Network Engineers are Impaired by Lack of Network Monitoring
In recent months, I have had several conversations with many network engineers to get their perspective on enterprise networks, network monitoring, and troubleshooting. These interactions were very beneficial for learning how much time they spend troubleshooting, which tools and procedures they use to troubleshoot network and application issues and to understand the recurring problems they deal with.
I’d like to present the data I collected interviewing 25 network engineers that work with multi-site networks. Based on these findings, I would also like some advice to network engineers on how they can improve their network operations, reduce time spent troubleshooting, and therefore network downtime, and make the best use of their skills and time.
Finding #1: Engineers spend a considerable amount of time troubleshooting
As you can see from the graph above, more than 70% of network engineers spend more than 25% of their time troubleshooting network and/or application problems. The primary responsibility of a network engineer should be to build and operate an enterprise network and provide higher-level escalation support. As you can imagine, it’s disruptive and not efficient for a network engineer to spend 25% of his time or more troubleshooting, because this time is taken away from projects that aim to build, tune, and optimize the network. Improving network operations means having network engineers spend less than 25% of their time troubleshooting and providing customers support.
Finding #2: Engineers rely too much on help desk data and on Command Line Interface commands on network hardware
The problem that I see here is that SNMP and alert information received from network monitoring tools only appear as the third method in resolving network and/or application problems. As you can imagine, the two primary methods, trouble tickets and command line interface commands, are not efficient for troubleshooting and resolving network and application problems. Trouble tickets are not efficient because end users report inaccurate and imprecise information. CLI commands output from network hardware take a considerable amount time, as network engineers have to connect to routers and switches and run the commands one by one and, oftentimes, this process has to be repeated at multiple network locations. Another major problem with CLI commands is that they lack of historical data, making it even more difficult when the network engineer is troubleshooting sporadic network and application issues.
Finding #3: Network engineers are engaged in troubleshooting efforts even when the network is not the problem
The result to this question may not surprise most network engineers, because even when the smoking gun is not the network, they still need an alibi. The process of collecting data showing that the network is not the cause of application issues takes as much time as, or even more than, troubleshooting a real network problem. Delays in the collection of such data has two consequences: first of all, network engineers are wasting time troubleshooting problems not related to network issues, and, second, it delays the resolution of application issues.
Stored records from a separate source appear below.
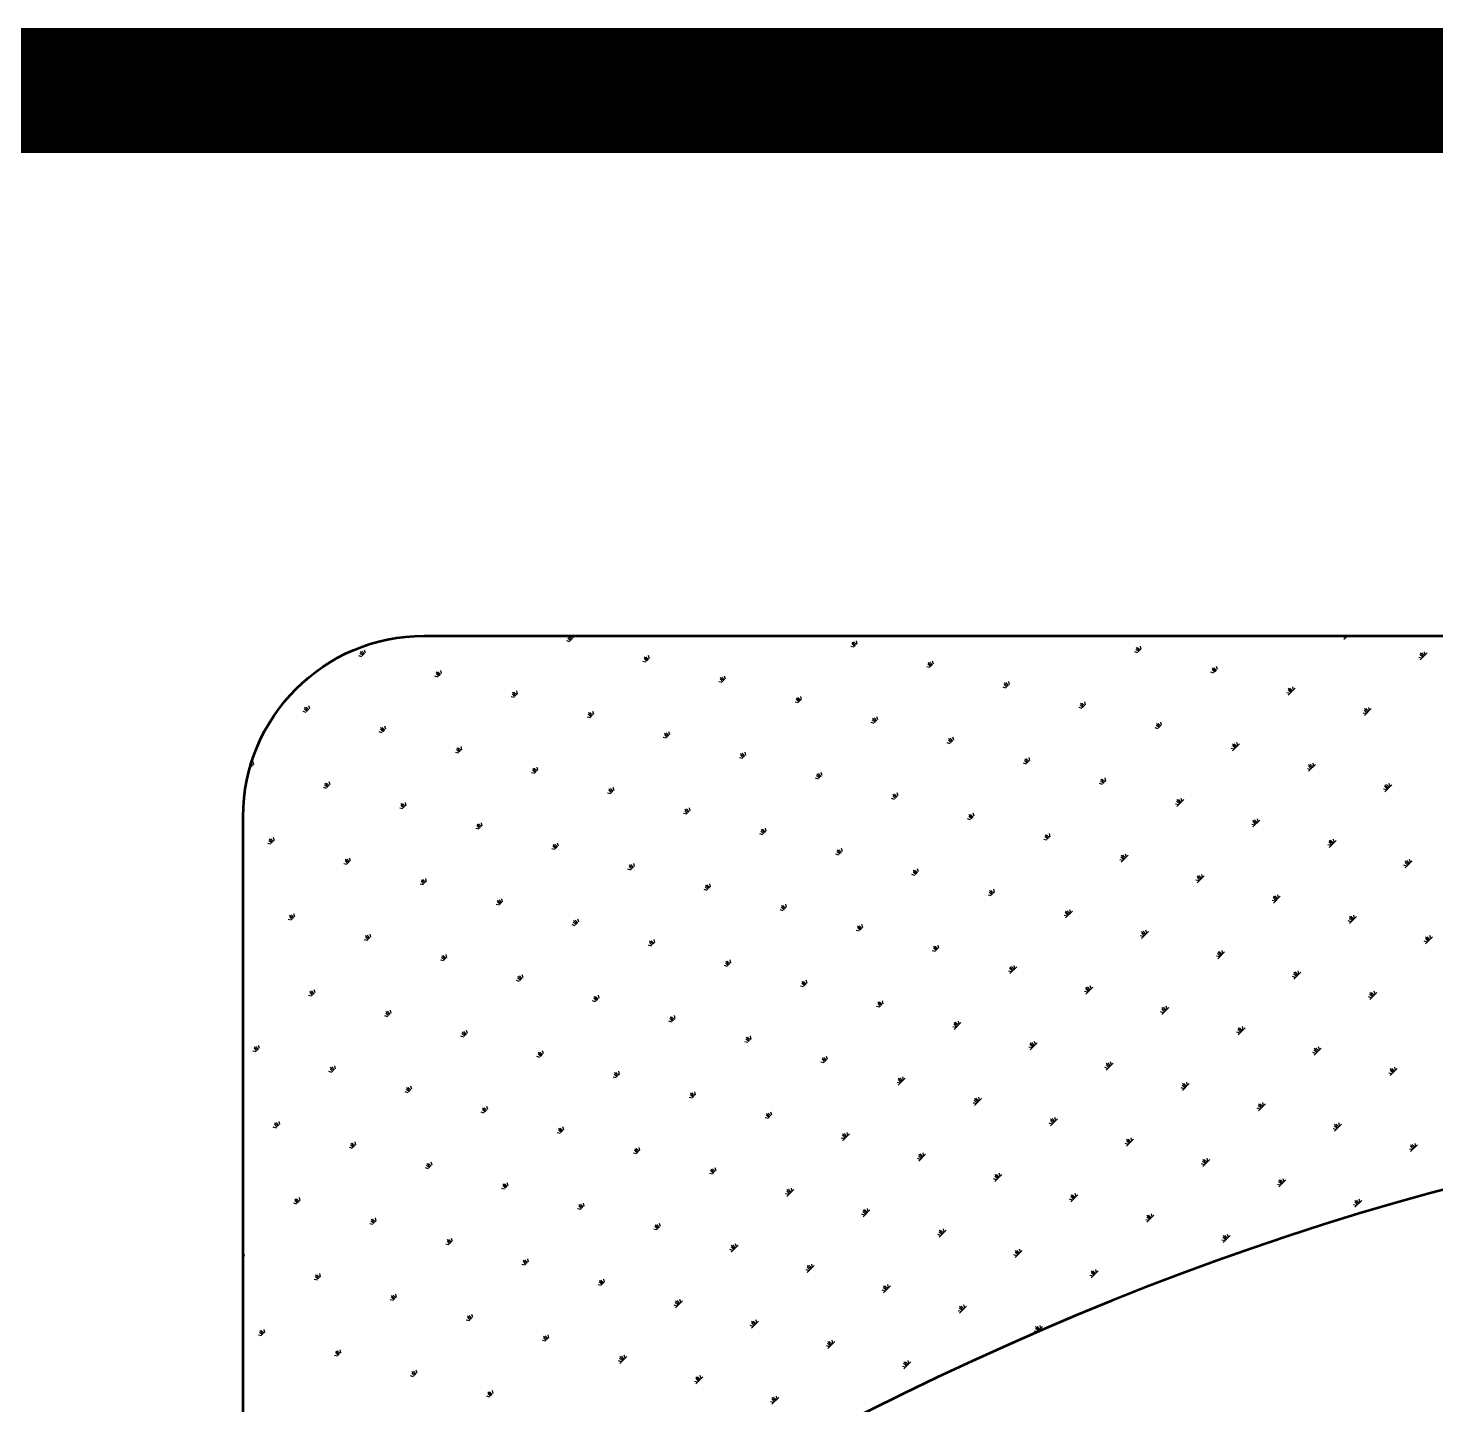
# Model space of a CAD drawing. Extents: x 54907 to 703237, y -798661 to -546661.
# Drawn here: x 248640 to 250329, y -612738 to -611086 of the extents above; entities that cross this region are included whole.
import ezdxf

# ---------------------------------------------------------------- set-up
doc = ezdxf.new("R2010")
doc.units = 0
doc.header["$LTSCALE"] = 1000
doc.header["$MEASUREMENT"] = 0
doc.layers.add('PUB_TITLE', color=4, linetype='Continuous')

msp = doc.modelspace()

# ---------------------------------------------------------------- linework, layer by layer
at = {"layer": 'PUB_TITLE', "color": 4}
for p, q in [((249290.1, -611822.7), (249286.4, -611821.7)), ((249291.1, -611821.7), (249287.8, -611818.3)), ((249292.2, -611820.6), (249288, -611816.5)), ((249293.2, -611819.6), (249289.9, -611816.2)), ((249294.3, -611818.5), (249293.4, -611815.5)), ((249630.7, -611829.3), (249627.1, -611828.3)), ((249631.8, -611828.2), (249628.5, -611824.9)), ((249632.8, -611827.2), (249628.7, -611823)), ((249633.9, -611826.1), (249630.5, -611822.8)), ((249634.9, -611825.1), (249633.9, -611821.4)), ((249972.5, -611834.8), (249969.1, -611831.4)), ((249973.5, -611833.7), (249969.3, -611829.6)), ((249974.5, -611832.7), (249971.2, -611829.4)), ((249975.6, -611831.6), (249974.6, -611828)), ((250220.8, -611817.9), (250217.1, -611816.9)), ((250218.7, -611820), (250223.2, -611815.5)), ((250221.8, -611816.9), (250220.5, -611815.5)), ((250222.9, -611815.8), (250222.5, -611815.5)), ((249040.7, -611840.6), (249037.1, -611839.6)), ((249041.7, -611839.6), (249038.4, -611836.2)), ((249042.8, -611838.5), (249038.6, -611834.4)), ((249043.8, -611837.5), (249040.5, -611834.1)), ((249044.9, -611836.4), (249043.9, -611832.8)), ((249381.4, -611847.2), (249377.7, -611846.2)), ((249382.4, -611846.1), (249379.1, -611842.8)), ((249383.5, -611845.1), (249379.3, -611840.9)), ((249384.5, -611844), (249381.2, -611840.7)), ((249385.5, -611843), (249384.6, -611839.3)), ((249724.1, -611851.6), (249719.9, -611847.5)), ((249725.2, -611850.6), (249721.8, -611847.3)), ((249726.2, -611849.6), (249725.2, -611845.9)), ((249971.4, -611835.8), (249967.8, -611834.8)), ((250312.1, -611842.4), (250308.4, -611841.4)), ((250313.1, -611841.3), (250309.8, -611838)), ((250314.2, -611840.3), (250310, -611836.1)), ((250310, -611844.5), (250318.3, -611836.1)), ((250315.2, -611839.2), (250311.9, -611835.9)), ((250316.2, -611838.2), (250315.3, -611834.6)), ((249132, -611865.1), (249128.3, -611864.1)), ((249133, -611864), (249129.7, -611860.7)), ((249134.1, -611863), (249129.9, -611858.8)), ((249135.1, -611861.9), (249131.8, -611858.6)), ((249136.2, -611860.9), (249135.2, -611857.3)), ((249474.7, -611869.5), (249470.6, -611865.4)), ((249475.8, -611868.5), (249472.4, -611865.2)), ((249476.8, -611867.5), (249475.8, -611863.8)), ((249722, -611853.7), (249718.4, -611852.8)), ((249723.1, -611852.7), (249719.7, -611849.3)), ((250062.7, -611860.3), (250059, -611859.3)), ((250063.7, -611859.2), (250060.4, -611855.9)), ((250064.8, -611858.2), (250060.6, -611854)), ((250065.8, -611857.2), (250062.5, -611853.8)), ((250066.9, -611856.1), (250065.9, -611852.5)), ((249227.4, -611885.4), (249226.5, -611881.7)), ((249472.6, -611871.6), (249469, -611870.7)), ((249473.7, -611870.6), (249470.3, -611867.2)), ((249813.3, -611878.2), (249809.7, -611877.2)), ((249814.4, -611877.1), (249811, -611873.8)), ((249815.4, -611876.1), (249811.2, -611871.9)), ((249816.4, -611875.1), (249813.1, -611871.7)), ((249817.5, -611874), (249816.5, -611870.4)), ((250155, -611883.7), (250151.7, -611880.4)), ((250156.1, -611882.7), (250151.9, -611878.5)), ((250151.9, -611886.8), (250160.2, -611878.5)), ((250157.1, -611881.6), (250153.8, -611878.3)), ((250158.1, -611880.6), (250157.2, -611876.9)), ((249223.3, -611889.5), (249219.6, -611888.6)), ((249224.3, -611888.5), (249221, -611885.2)), ((249225.4, -611887.5), (249221.2, -611883.3)), ((249226.4, -611886.4), (249223.1, -611883.1)), ((249563.9, -611896.1), (249560.3, -611895.1)), ((249565, -611895), (249561.6, -611891.7)), ((249566, -611894), (249561.8, -611889.8)), ((249567.1, -611893), (249563.7, -611889.6)), ((249568.1, -611891.9), (249567.1, -611888.3)), ((249905.6, -611901.6), (249902.3, -611898.3)), ((249906.7, -611900.6), (249902.5, -611896.4)), ((249907.7, -611899.5), (249904.4, -611896.2)), ((249908.8, -611898.5), (249907.8, -611894.8)), ((250154, -611884.7), (250150.3, -611883.8)), ((248973.9, -611907.4), (248970.2, -611906.5)), ((248974.9, -611906.4), (248971.6, -611903.1)), ((248976, -611905.4), (248971.8, -611901.2)), ((248977, -611904.3), (248973.7, -611901)), ((248978.1, -611903.3), (248977.1, -611899.6)), ((249314.5, -611914), (249310.9, -611913)), ((249315.6, -611913), (249312.2, -611909.6)), ((249316.6, -611911.9), (249312.5, -611907.7)), ((249317.7, -611910.9), (249314.3, -611907.5)), ((249318.7, -611909.8), (249317.7, -611906.2)), ((249656.3, -611919.5), (249652.9, -611916.2)), ((249657.3, -611918.5), (249653.1, -611914.3)), ((249658.3, -611917.4), (249655, -611914.1)), ((249659.4, -611916.4), (249658.4, -611912.7)), ((249904.6, -611902.6), (249900.9, -611901.7)), ((250245.2, -611909.2), (250241.6, -611908.2)), ((250246.3, -611908.2), (250243, -611904.8)), ((250247.3, -611907.1), (250243.2, -611902.9)), ((250243.2, -611911.3), (250251.5, -611902.9)), ((250248.4, -611906.1), (250245, -611902.7)), ((250249.4, -611905), (250248.4, -611901.4)), ((249065.2, -611931.9), (249061.5, -611930.9)), ((249066.2, -611930.9), (249062.9, -611927.5)), ((249067.3, -611929.8), (249063.1, -611925.6)), ((249068.3, -611928.8), (249065, -611925.4)), ((249069.3, -611927.7), (249068.4, -611924.1)), ((249407.9, -611936.4), (249403.7, -611932.2)), ((249409, -611935.3), (249405.6, -611932)), ((249410, -611934.3), (249409, -611930.6)), ((249655.2, -611920.6), (249651.6, -611919.6)), ((249995.9, -611927.1), (249992.2, -611926.1)), ((249996.9, -611926.1), (249993.6, -611922.7)), ((249998, -611925), (249993.8, -611920.8)), ((249999, -611924), (249995.7, -611920.6)), ((250000, -611922.9), (249999.1, -611919.3)), ((249159.6, -611953.2), (249156.2, -611949.9)), ((249160.6, -611952.2), (249159.6, -611948.5)), ((249405.8, -611938.5), (249402.2, -611937.5)), ((249406.9, -611937.4), (249403.5, -611934.1)), ((249746.5, -611945), (249742.8, -611944)), ((249747.5, -611944), (249744.2, -611940.6)), ((249748.6, -611942.9), (249744.4, -611938.7)), ((249749.6, -611941.9), (249746.3, -611938.5)), ((249750.7, -611940.8), (249749.7, -611937.2)), ((250088.2, -611950.5), (250084.9, -611947.2)), ((250089.2, -611949.5), (250085.1, -611945.3)), ((250085.1, -611953.7), (250093.4, -611945.3)), ((250090.3, -611948.4), (250086.9, -611945.1)), ((250091.3, -611947.4), (250090.3, -611943.7)), ((248911.2, -611970.1), (248910.3, -611966.4)), ((249156.4, -611956.4), (249152.8, -611955.4)), ((249157.5, -611955.3), (249154.1, -611952)), ((249158.5, -611954.3), (249154.4, -611950.1)), ((249497.1, -611962.9), (249493.5, -611961.9)), ((249498.1, -611961.9), (249494.8, -611958.5)), ((249499.2, -611960.8), (249495, -611956.7)), ((249500.2, -611959.8), (249496.9, -611956.4)), ((249501.3, -611958.7), (249500.3, -611955.1)), ((249838.8, -611968.4), (249835.5, -611965.1)), ((249839.9, -611967.4), (249835.7, -611963.2)), ((249840.9, -611966.3), (249837.6, -611963)), ((249841.9, -611965.3), (249841, -611961.6)), ((250087.1, -611951.6), (250083.5, -611950.6)), ((248907.1, -611974.3), (248906.2, -611974)), ((248908.1, -611973.2), (248906.8, -611971.9)), ((248909.2, -611972.2), (248907.3, -611970.3)), ((248910.2, -611971.1), (248907.8, -611968.7)), ((249247.7, -611980.8), (249244.1, -611979.8)), ((249248.8, -611979.8), (249245.4, -611976.4)), ((249249.8, -611978.7), (249245.6, -611974.6)), ((249250.9, -611977.7), (249247.5, -611974.3)), ((249251.9, -611976.6), (249250.9, -611973)), ((249589.4, -611986.3), (249586.1, -611983)), ((249590.5, -611985.3), (249586.3, -611981.1)), ((249591.5, -611984.2), (249588.2, -611980.9)), ((249592.6, -611983.2), (249591.6, -611979.5)), ((249837.8, -611969.5), (249834.1, -611968.5)), ((250178.4, -611976), (250174.8, -611975)), ((250179.5, -611975), (250176.1, -611971.6)), ((250180.5, -611973.9), (250176.3, -611969.8)), ((250176.3, -611978.1), (250184.7, -611969.8)), ((250181.6, -611972.9), (250178.2, -611969.5)), ((250182.6, -611971.8), (250181.6, -611968.2)), ((248998.3, -611998.7), (248994.7, -611997.7)), ((248999.4, -611997.7), (248996, -611994.3)), ((249000.4, -611996.6), (248996.3, -611992.5)), ((249001.5, -611995.6), (248998.1, -611992.3)), ((249002.5, -611994.5), (249001.5, -611990.9)), ((249341.1, -612003.2), (249336.9, -611999)), ((249342.1, -612002.1), (249338.8, -611998.8)), ((249343.2, -612001.1), (249342.2, -611997.5)), ((249588.4, -611987.4), (249584.7, -611986.4)), ((249929, -611993.9), (249925.4, -611992.9)), ((249930.1, -611992.9), (249926.7, -611989.5)), ((249931.1, -611991.8), (249927, -611987.7)), ((249932.2, -611990.8), (249928.8, -611987.5)), ((249933.2, -611989.8), (249932.2, -611986.1)), ((250269.7, -612000.5), (250266.1, -611999.5)), ((250270.8, -611999.4), (250267.4, -611996.1)), ((250271.8, -611998.4), (250267.6, -611994.2)), ((250267.6, -612002.6), (250276, -611994.2)), ((250272.8, -611997.3), (250269.5, -611994)), ((250273.9, -611996.3), (250272.9, -611992.7)), ((249091.7, -612021.1), (249087.5, -612016.9)), ((249092.8, -612020.1), (249089.4, -612016.7)), ((249093.8, -612019), (249092.8, -612015.4)), ((249339, -612005.3), (249335.4, -612004.3)), ((249340, -612004.2), (249336.7, -612000.9)), ((249679.7, -612011.8), (249676, -612010.9)), ((249680.7, -612010.8), (249677.4, -612007.4)), ((249681.8, -612009.7), (249677.6, -612005.6)), ((249682.8, -612008.7), (249679.5, -612005.4)), ((249683.8, -612007.7), (249682.9, -612004)), ((250020.3, -612018.4), (250016.7, -612017.4)), ((250021.4, -612017.3), (250018, -612014)), ((250022.4, -612016.3), (250018.2, -612012.1)), ((250018.2, -612020.5), (250026.6, -612012.1)), ((250023.5, -612015.3), (250020.1, -612011.9)), ((250024.5, -612014.2), (250023.5, -612010.6)), ((249089.6, -612023.2), (249086, -612022.2)), ((249090.7, -612022.1), (249087.3, -612018.8)), ((249430.3, -612029.7), (249426.6, -612028.8)), ((249431.3, -612028.7), (249428, -612025.4)), ((249432.4, -612027.6), (249428.2, -612023.5)), ((249433.4, -612026.6), (249430.1, -612023.3)), ((249434.5, -612025.6), (249433.5, -612021.9)), ((249772, -612035.2), (249768.6, -612031.9)), ((249773, -612034.2), (249768.9, -612030)), ((249774.1, -612033.2), (249770.7, -612029.8)), ((249775.1, -612032.1), (249774.1, -612028.5)), ((249180.9, -612047.6), (249177.3, -612046.7)), ((249181.9, -612046.6), (249178.6, -612043.3)), ((249183, -612045.6), (249178.8, -612041.4)), ((249184, -612044.5), (249180.7, -612041.2)), ((249185.1, -612043.5), (249184.1, -612039.8)), ((249522.6, -612053.2), (249519.3, -612049.8)), ((249523.7, -612052.1), (249519.5, -612047.9)), ((249524.7, -612051.1), (249521.4, -612047.7)), ((249525.7, -612050), (249524.8, -612046.4)), ((249770.9, -612036.3), (249767.3, -612035.3)), ((250111.6, -612042.8), (250108, -612041.9)), ((250112.7, -612041.8), (250109.3, -612038.5)), ((250113.7, -612040.8), (250109.5, -612036.6)), ((250109.5, -612044.9), (250117.9, -612036.6)), ((250114.7, -612039.7), (250111.4, -612036.4)), ((250115.8, -612038.7), (250114.8, -612035)), ((248931.5, -612065.5), (248927.9, -612064.6)), ((248932.6, -612064.5), (248929.2, -612061.2)), ((248933.6, -612063.5), (248929.4, -612059.3)), ((248934.7, -612062.4), (248931.3, -612059.1)), ((248935.7, -612061.4), (248934.7, -612057.7)), ((249273.2, -612071.1), (249269.9, -612067.7)), ((249274.3, -612070), (249270.1, -612065.8)), ((249275.3, -612069), (249272, -612065.6)), ((249276.4, -612067.9), (249275.4, -612064.3)), ((249521.6, -612054.2), (249517.9, -612053.2)), ((249862.2, -612060.7), (249858.6, -612059.8)), ((249863.3, -612059.7), (249859.9, -612056.4)), ((249864.3, -612058.7), (249860.1, -612054.5)), ((249865.4, -612057.6), (249862, -612054.3)), ((249866.4, -612056.6), (249865.4, -612052.9)), ((250202.9, -612067.3), (250199.2, -612066.3)), ((250203.9, -612066.3), (250200.6, -612062.9)), ((250205, -612065.2), (250200.8, -612061)), ((250200.8, -612069.4), (250209.2, -612061)), ((250206, -612064.2), (250202.7, -612060.8)), ((250207.1, -612063.1), (250206.1, -612059.5)), ((249024.9, -612087.9), (249020.7, -612083.7)), ((249025.9, -612086.9), (249022.6, -612083.5)), ((249027, -612085.8), (249026, -612082.2)), ((249272.2, -612072.1), (249268.5, -612071.1)), ((249612.8, -612078.7), (249609.2, -612077.7)), ((249613.9, -612077.6), (249610.5, -612074.3)), ((249614.9, -612076.6), (249610.8, -612072.4)), ((249616, -612075.5), (249612.6, -612072.2)), ((249617, -612074.5), (249616, -612070.8)), ((249953.5, -612085.2), (249949.9, -612084.2)), ((249954.5, -612084.2), (249951.2, -612080.8)), ((249955.6, -612083.1), (249951.4, -612078.9)), ((249951.4, -612087.3), (249959.8, -612078.9)), ((249956.6, -612082.1), (249953.3, -612078.7)), ((249957.7, -612081), (249956.7, -612077.4)), ((250298.3, -612087.6), (250297.4, -612083.9)), ((249022.8, -612090), (249019.1, -612089)), ((249023.8, -612089), (249020.5, -612085.6)), ((249363.5, -612096.6), (249359.8, -612095.6)), ((249364.5, -612095.5), (249361.2, -612092.2)), ((249365.6, -612094.5), (249361.4, -612090.3)), ((249366.6, -612093.4), (249363.3, -612090.1)), ((249367.6, -612092.4), (249366.7, -612088.7)), ((249705.2, -612102.1), (249701.8, -612098.7)), ((249706.2, -612101), (249702, -612096.8)), ((249707.3, -612100), (249703.9, -612096.6)), ((249708.3, -612098.9), (249707.3, -612095.3)), ((250049, -612105.5), (250048, -612101.8)), ((250294.2, -612091.8), (250290.5, -612090.8)), ((250295.2, -612090.7), (250291.9, -612087.4)), ((250296.3, -612089.7), (250292.1, -612085.5)), ((250292.1, -612093.8), (250300.4, -612085.5)), ((250297.3, -612088.6), (250294, -612085.3)), ((249114.1, -612114.5), (249110.4, -612113.5)), ((249115.1, -612113.4), (249111.8, -612110.1)), ((249116.2, -612112.4), (249112, -612108.2)), ((249117.2, -612111.3), (249113.9, -612108)), ((249118.3, -612110.3), (249117.3, -612106.6)), ((249455.8, -612120), (249452.4, -612116.6)), ((249456.8, -612118.9), (249452.7, -612114.8)), ((249457.9, -612117.9), (249454.5, -612114.5)), ((249458.9, -612116.8), (249457.9, -612113.2)), ((249704.1, -612103.1), (249700.5, -612102.1)), ((250044.8, -612109.7), (250041.1, -612108.7)), ((250045.8, -612108.6), (250042.5, -612105.3)), ((250046.9, -612107.6), (250042.7, -612103.4)), ((250042.7, -612111.8), (250051, -612103.4)), ((250047.9, -612106.5), (250044.6, -612103.2)), ((249206.4, -612137.9), (249203.1, -612134.5)), ((249207.4, -612136.8), (249203.3, -612132.7)), ((249208.5, -612135.8), (249205.2, -612132.4)), ((249209.5, -612134.7), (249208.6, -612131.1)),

Three Simple Recommendations
So how can network engineers make their lives easier, reduce the amount of time they spend troubleshooting and, at the same time, decrease resolution time of network and application outages?
Here are my recommendations on how network engineers can improve their operations:
- Power to the service desk operator – Adopt a network-monitoring tool that can be used by network engineers as well as service desk operators. The data offered by such tool should be simple to interpret and effective so service desk operators can process tickets that otherwise would be escalated to network engineers.
- Everything in one place – Collecting information from network hardware is not efficient, especially if your network is distributed across dozens or hundreds of network locations. Distributed network monitoring is the answer, thanks to agents deployed to each location. You can rely on the necessary coverage you need to get the complete picture of your network when troubleshooting. Such a solution must provide a dashboard that displays all the information collected by all the agents deployed.
- Remember the past – Your tool should keep historical data that is easy to retrieve, consult, and export. Such data should be in the form of what applications and services network users were able to access, with what performance and if an outage happened, how long it lasted. Such data will be vital in promptly providing root cause analysis reports to show whether or not the network affected this or that application.
I hope that this post was beneficial for better understanding the types of challenges that face the majority of network engineers. I would like to hear your feedback on this, so please feel free to comment.